One approach to resolving these issues is to design a centralized logging handler within the application logic. Create a static Singleton (named “AppLog” for discussion purposes). AppLog would essentially be an adapter between the current application and a log file analysis tool. AppLog would, at a minimum, provide four publicly accessible methods:

• AppLog.logDebugMessage(logMessage, logPriority, callingObject)
• AppLog.logSecurtyMessage(logMessage, logPriority, callingObject)
• AppLog.logBusinessLogicError(logMessage, logPriority, callingObject)
• AppLog.logSystemMessage(logMessage, logPriority, callingObject)

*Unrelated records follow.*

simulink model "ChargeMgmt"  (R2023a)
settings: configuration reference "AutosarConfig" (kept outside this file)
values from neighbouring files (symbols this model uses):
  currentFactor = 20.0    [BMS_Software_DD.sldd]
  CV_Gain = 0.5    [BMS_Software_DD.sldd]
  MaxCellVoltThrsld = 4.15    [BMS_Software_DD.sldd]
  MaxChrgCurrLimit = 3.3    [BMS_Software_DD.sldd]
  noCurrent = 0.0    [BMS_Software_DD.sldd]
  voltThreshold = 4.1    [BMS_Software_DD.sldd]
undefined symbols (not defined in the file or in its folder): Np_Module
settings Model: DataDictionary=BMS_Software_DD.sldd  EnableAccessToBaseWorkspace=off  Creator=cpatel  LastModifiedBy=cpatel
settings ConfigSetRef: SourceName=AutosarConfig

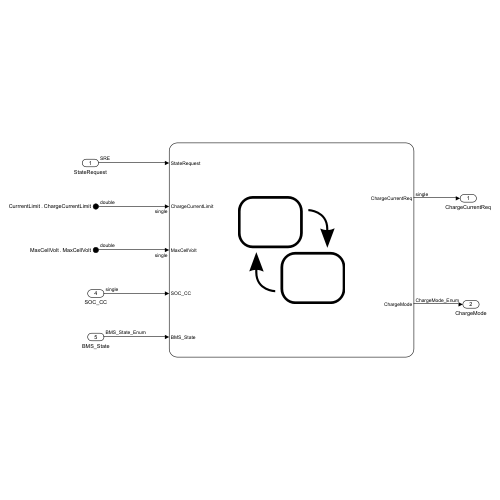
[thumbnail: Simulink's stored preview of the top-level diagram]
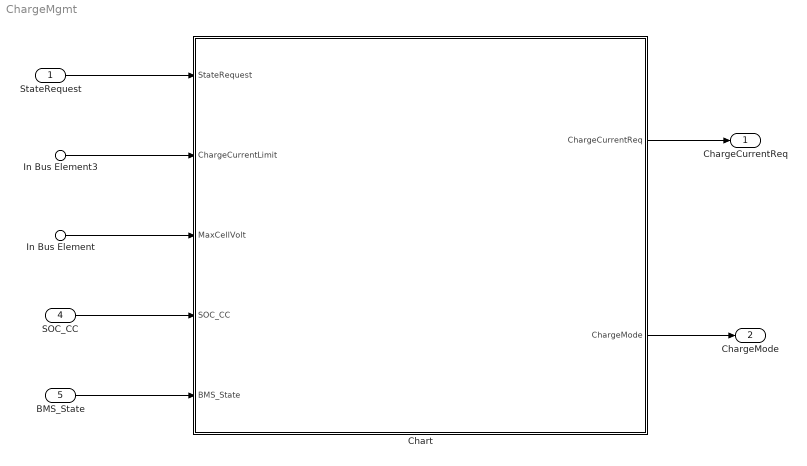
== system ChargeMgmt ==
  StateRequest : Inport  OutDataTypeStr=Enum: SRE  PortDimensions=1
  In Bus Element3 : Inport  Port=2  PortName=CurrrentLimit  Element=ChargeCurrentLimit
  In Bus Element : Inport  Port=3  PortName=MaxCellVolt  Element=MaxCellVolt
  SOC_CC : Inport  Port=4
  BMS_State : Inport  Port=5  OutDataTypeStr=Enum: BMS_State_Enum
  Chart : Stateflow chart  TreatAsAtomicUnit=on
  ChargeCurrentReq : Outport
  ChargeMode : Outport  Port=2
  wires:
  In Bus Element3/1 -> Chart/2(ChargeCurrentLimit)
  In Bus Element/1 -> Chart/3(MaxCellVolt)
  SOC_CC/1 -> Chart/4(SOC_CC)
  BMS_State/1 -> Chart/5(BMS_State)
  StateRequest/1 -> Chart/1(StateRequest)
  Chart/1(ChargeCurrentReq) -> ChargeCurrentReq/1
  Chart/2(ChargeMode) -> ChargeMode/1

== stateflow chart ChargeMgmt/Chart ==
  state ChrgStandby
    en:
    ChargeMode = ChargeMode_Enum.ChrgStandby;
    ChargeCurrentReq = noCurrent;
  state ChrgCC
    en:
    ChargeMode = ChargeMode_Enum.CC;
    du:
    ChargeCurrentReq = ChargeCurrentLimit;
  state ChrgCV
    en:
    ChargeMode = ChargeMode_Enum.CV;
    du:
    ChargeCurrentReq = ChargeCurrentReq - CV_Gain*(MaxCellVolt - MaxCellVoltThrsld);
    ChargeCurrentReq = min(ChargeCurrentReq, ChargeCurrentLimit);
  (default) -> ChrgStandby
  ChrgCV -> ChrgStandby : [StateRequest ~= SRE.Charging || ...
      | ChargeCurrentReq <= (MaxChrgCurrLimit*Np_Module/currentFactor) || ...
      | max(SOC_CC) >single(0.98)]
  ChrgCC -> ChrgStandby [order 1] : [StateRequest ~= SRE.Charging]
  ChrgStandby -> ChrgCC : [StateRequest == SRE.Charging && ...
      | BMS_State == BMS_State_Enum.BMS_Charging && ...
      | MaxCellVolt < voltThreshold && ...
      | max(SOC_CC) < single(0.95)]
  ChrgCC -> ChrgCV [order 2] : [MaxCellVolt>=...
      | MaxCellVoltThrsld]
  data: StateRequest input; ChargeCurrentLimit input; MaxCellVolt input; SOC_CC input; ChargeCurrentReq output; CV_Gain parameter; voltThreshold parameter; noCurrent parameter; MaxCellVoltThrsld parameter; Np_Module parameter; currentFactor parameter; MaxChrgCurrLimit parameter; ChargeMode output; BMS_State input

This syntax forces developers to choose a log type rather than simply choose a priority, and the logPriority parameter allows them to retain the ability to choose a priority level. The callingObject parameter (of Object type) will allow the AppLog to automatically append the class of the calling object. Furthermore, the AppLog code can add the syntax parameters required for a particular log file analysis tool before actually writing to a file or using the existing tools such as Log4J and Log4Net; new AppLog subclasses can be built for each analysis tool. Other than the implementer(s) of AppLog and its subclasses, individual developers do not need to be aware of the required syntax of external analysis tools.

This alone, however, does not solve the problems listed above. Two developers could still send very different messages to the logSecurityMessage() function. To solve this, developers should add specific methods to AppLog for particular security events, such as logInvalidAccessAttempt(user_id, timestamp, callingObject) and logSQLInjectionAttempt(user_id, timestamp, maliciousChar, inputString, callingObject). This function would construct a specific message and call the logSystemMessage function. The final logged event might look something like this:

"code:312,app:MyApp,event:Invalid_auth_attempt,user:admin,time:3713252,
calling-obj:com.mycompany.package.MyClass"

This syntax is meaningful to a particular log file analysis tool, and if the tool ever changes then it is simply a matter of changing the functions within AppLog or sub-classing AppLog rather than updating all logging calls across the application. Developers from different modules will have the same syntax for logging an invalid access attempt since there is no guesswork about which English-language phrase to use to describe the attempt (such as, “Login failed”).

Revisiting the SQL injection example, two disparate calls to the central logger with both call the logSQLInjectionAttempt and the resulting log file might look something like:

"code:312,app:MyApp,event:sql_injection_attempt,user:myuser1,mal-char:"-
",input-string:" Some description' OR 1=1 --; ",time:371245,calling-
obj:com.mycompany.DAO.CustomerDAO"

"code:312,app:MyApp,event:sql_injection_attempt,user:myuser1,mal-char:"-
",input-string:"An order name' OR 1=1 --;",time:371253,calling-
obj:com.mycompany.DAO.OrderDAO"

Administrators could configure the log file analysis tool to recognize that there were two or more SQL injection attempts made by a single user within a short time – a task greatly facilitated by a consistent logging format. Of course if your application is attacked like this on a regular basis, perhaps sending an alarm after two SQL injection attempts may make this analysis more of an annoyance to operational staff than an effective security feature. In that case, administrators can simply configure the tool to send an alert for a more substantial number such as 100 or 1000 injection attempts.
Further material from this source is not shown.